Ca est une grande oeuvre sur l'enfance. Grande dans la densité et richesse de son univers, il est ainsi intéressant de noter que la créature ne fait son apparition que 2/3 fois dans les 200 premières pages, on est loin de l'horreur vendu à tout bout de champ. King prend son temps pour poser ses personnages, ses ambiances, car il y a deux récits croisés, l'un concernant les enfants dans la fin des années 50 et l'autre ces mêmes individus 27 ans plus tard au milieu des années 80. Le second récit est d'ailleurs beaucoup moins intéressant, il n'existe que grâce à l'écho qu'il représente à son versant dans le passé qui lui est passionnant. En effet, nous suivons les vacances d'été de 7 enfants américains dans une petite bourgade dénommée Derry de la nouvelle angleterre.

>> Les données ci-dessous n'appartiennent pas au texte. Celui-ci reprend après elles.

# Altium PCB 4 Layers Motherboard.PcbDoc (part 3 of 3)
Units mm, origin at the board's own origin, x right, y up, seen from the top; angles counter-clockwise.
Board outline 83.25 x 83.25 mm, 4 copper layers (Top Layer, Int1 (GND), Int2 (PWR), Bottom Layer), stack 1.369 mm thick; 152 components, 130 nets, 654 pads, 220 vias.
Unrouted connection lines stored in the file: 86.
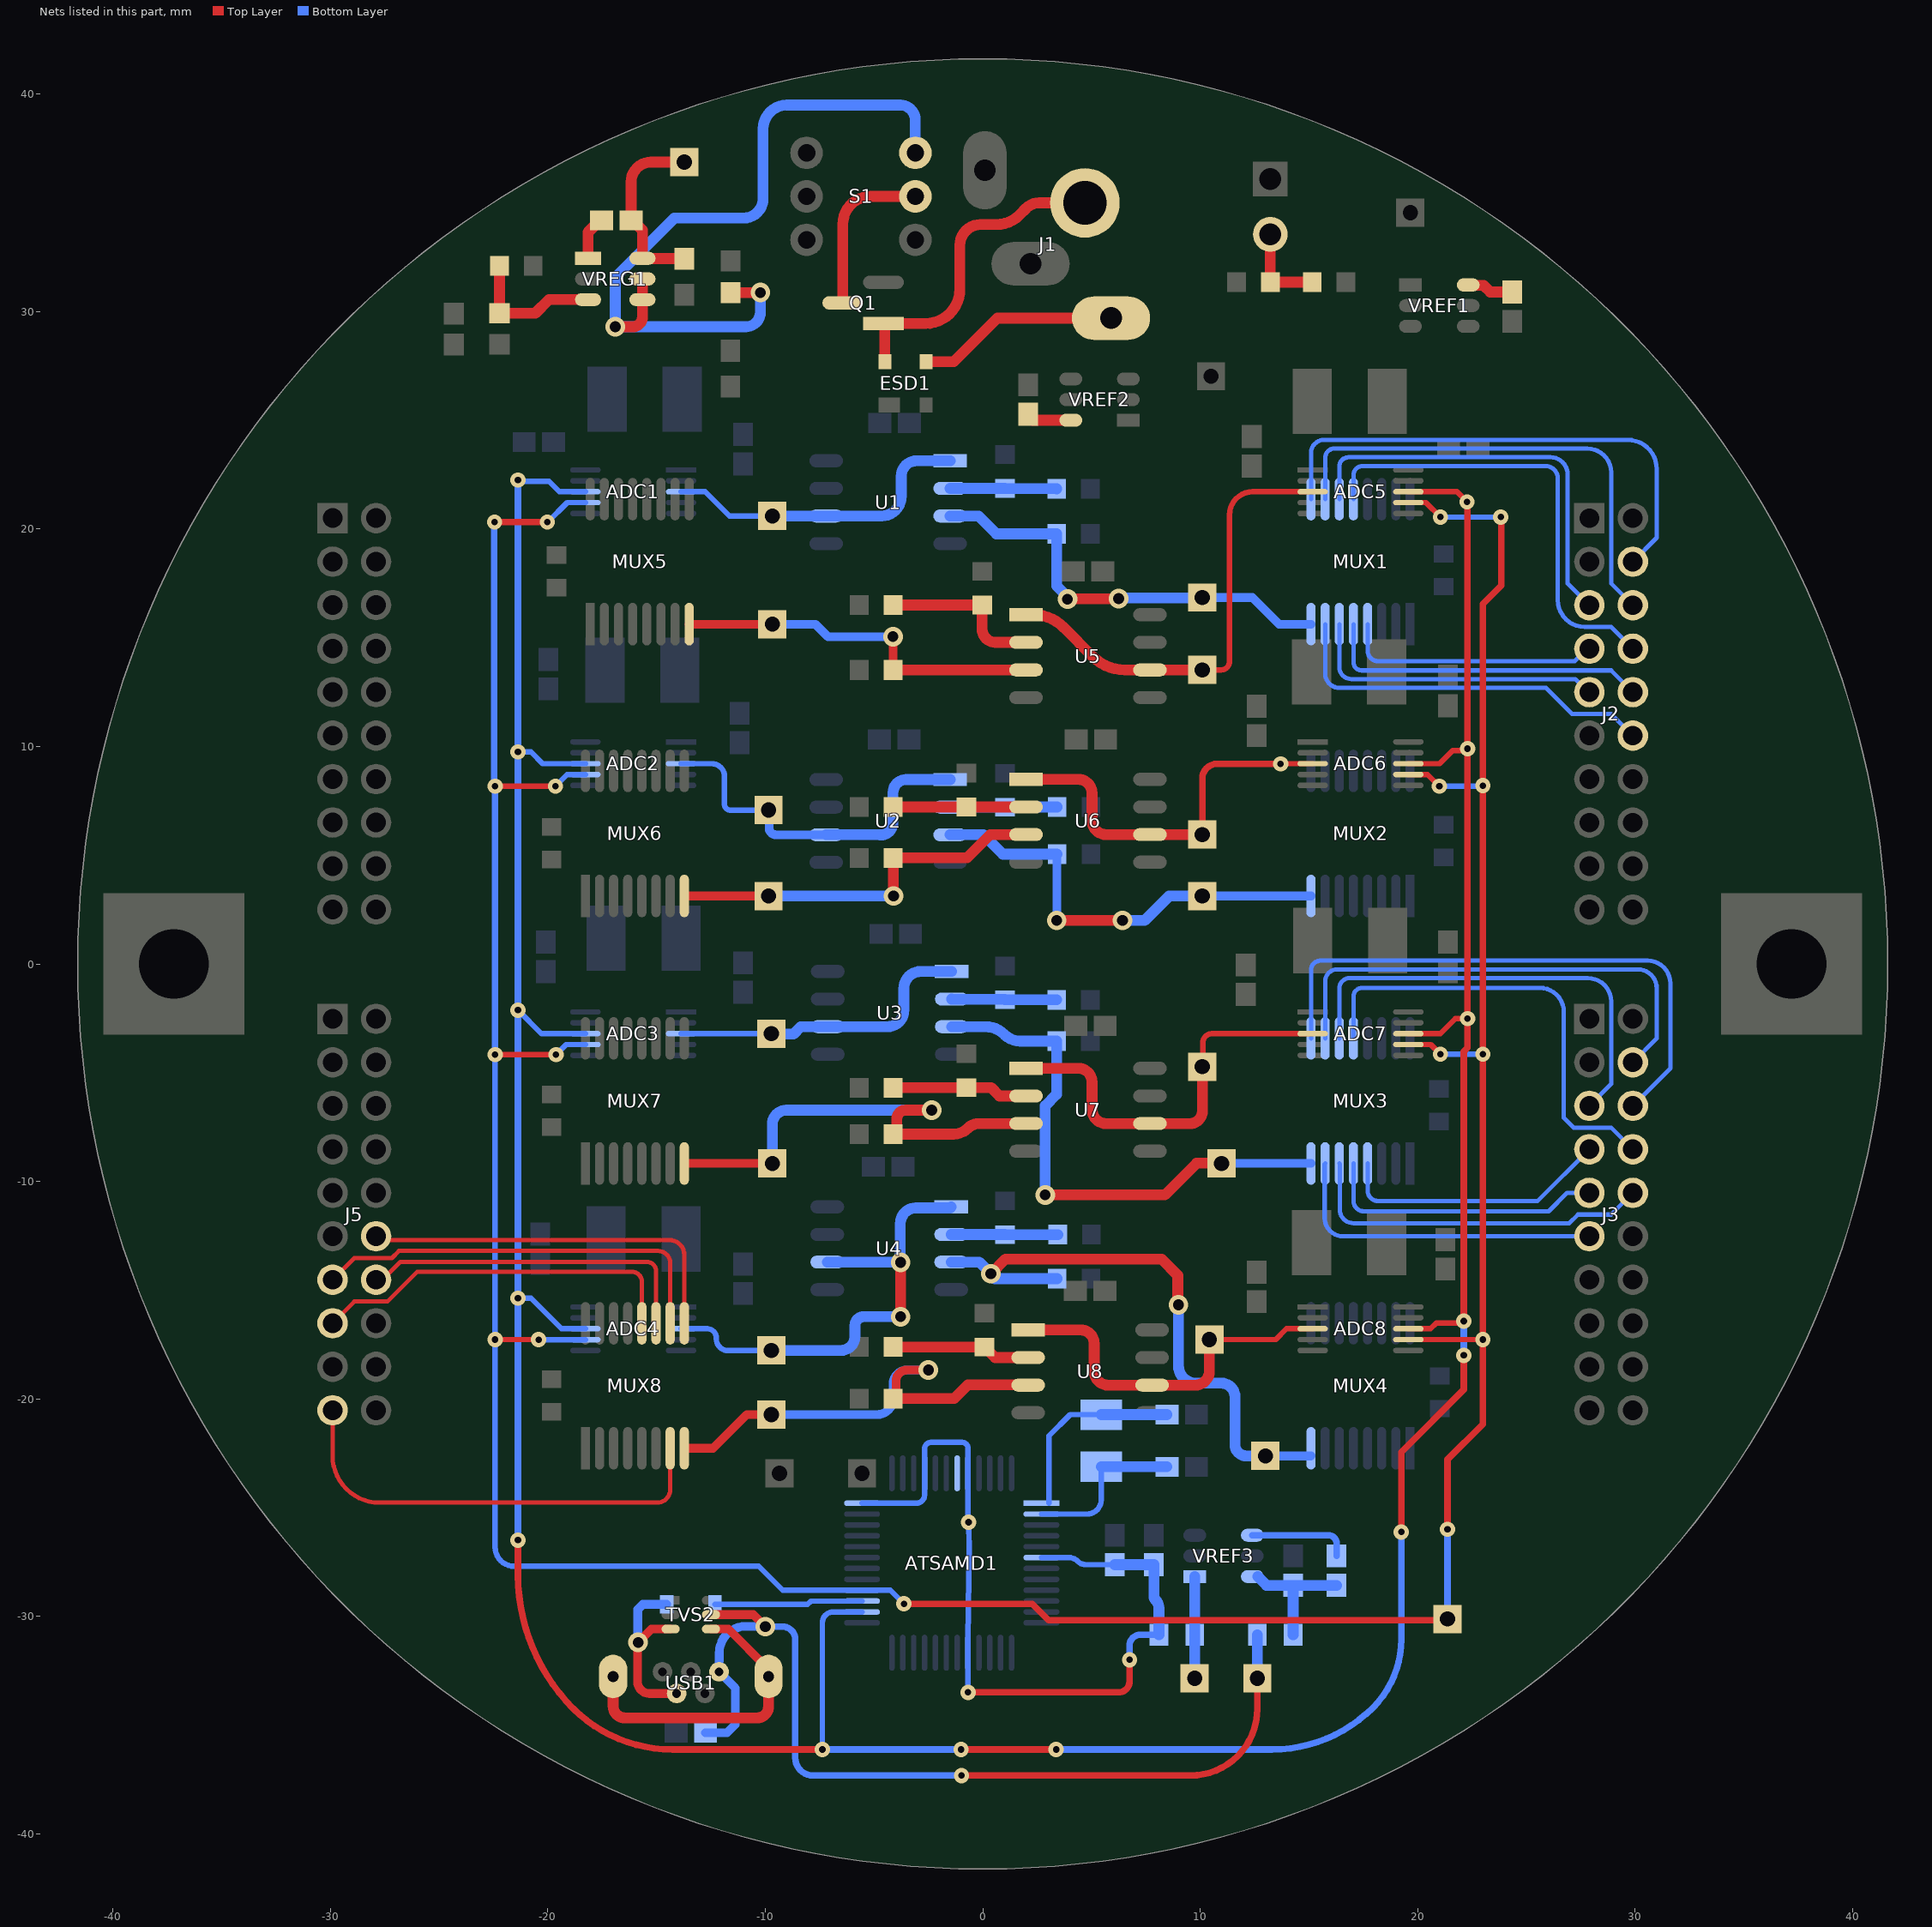
[diagram p5: the nets of this part, all layers, seen from the top]

## Via types
v1: diameter 0.7, hole 0.3, Top Layer to Bottom Layer, tented both sides, 147 vias
v2: diameter 0.9, hole 0.5, Top Layer to Bottom Layer, tented both sides, 73 vias

## Nets (pads, with @x,y where several pads share a name; then routed paths per layer and width w, separated by ;. In a path a pad name is that pad's centre, name@x,y a point inside that pad or via, vN(x,y) a via of type N, cw(c..) or ccw(c..) an arc to the next point about the centre after c; other vN are vias at no path point) (continued)
I4: J5.10 MUX8.7 | length 21.1
  Top Layer w0.2: J5.10@-29.9,-20.525 -29.9,-22.62 ccw(c-27.745,-22.62) -27.745,-24.775 -14.975,-24.775 ccw(c-14.975,-24.175) -14.375,-24.175 MUX8.7@-14.375,-22.275
I5: J5.8 MUX8.12 | length 17.4
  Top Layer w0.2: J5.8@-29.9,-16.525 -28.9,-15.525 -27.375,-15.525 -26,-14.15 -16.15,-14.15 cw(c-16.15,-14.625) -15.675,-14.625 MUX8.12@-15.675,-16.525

Cette ville est un personnage à elle toute seule, tant elle est liée à la créature et aux personnages. Le parcours de ces enfants durant cet été est bercé de violence, d'amitié, de peur et d'amour. Cela peut paraître un peu bateau, mais là est la véritable qualité de Ça, c'est dans la description toujours juste d'un quotidien de l'enfance. La créature n'est finalement qu'une prétexte pour développer un éventail d'émotions que nous avons tous ressenti durant la période qui précède l'adolescence.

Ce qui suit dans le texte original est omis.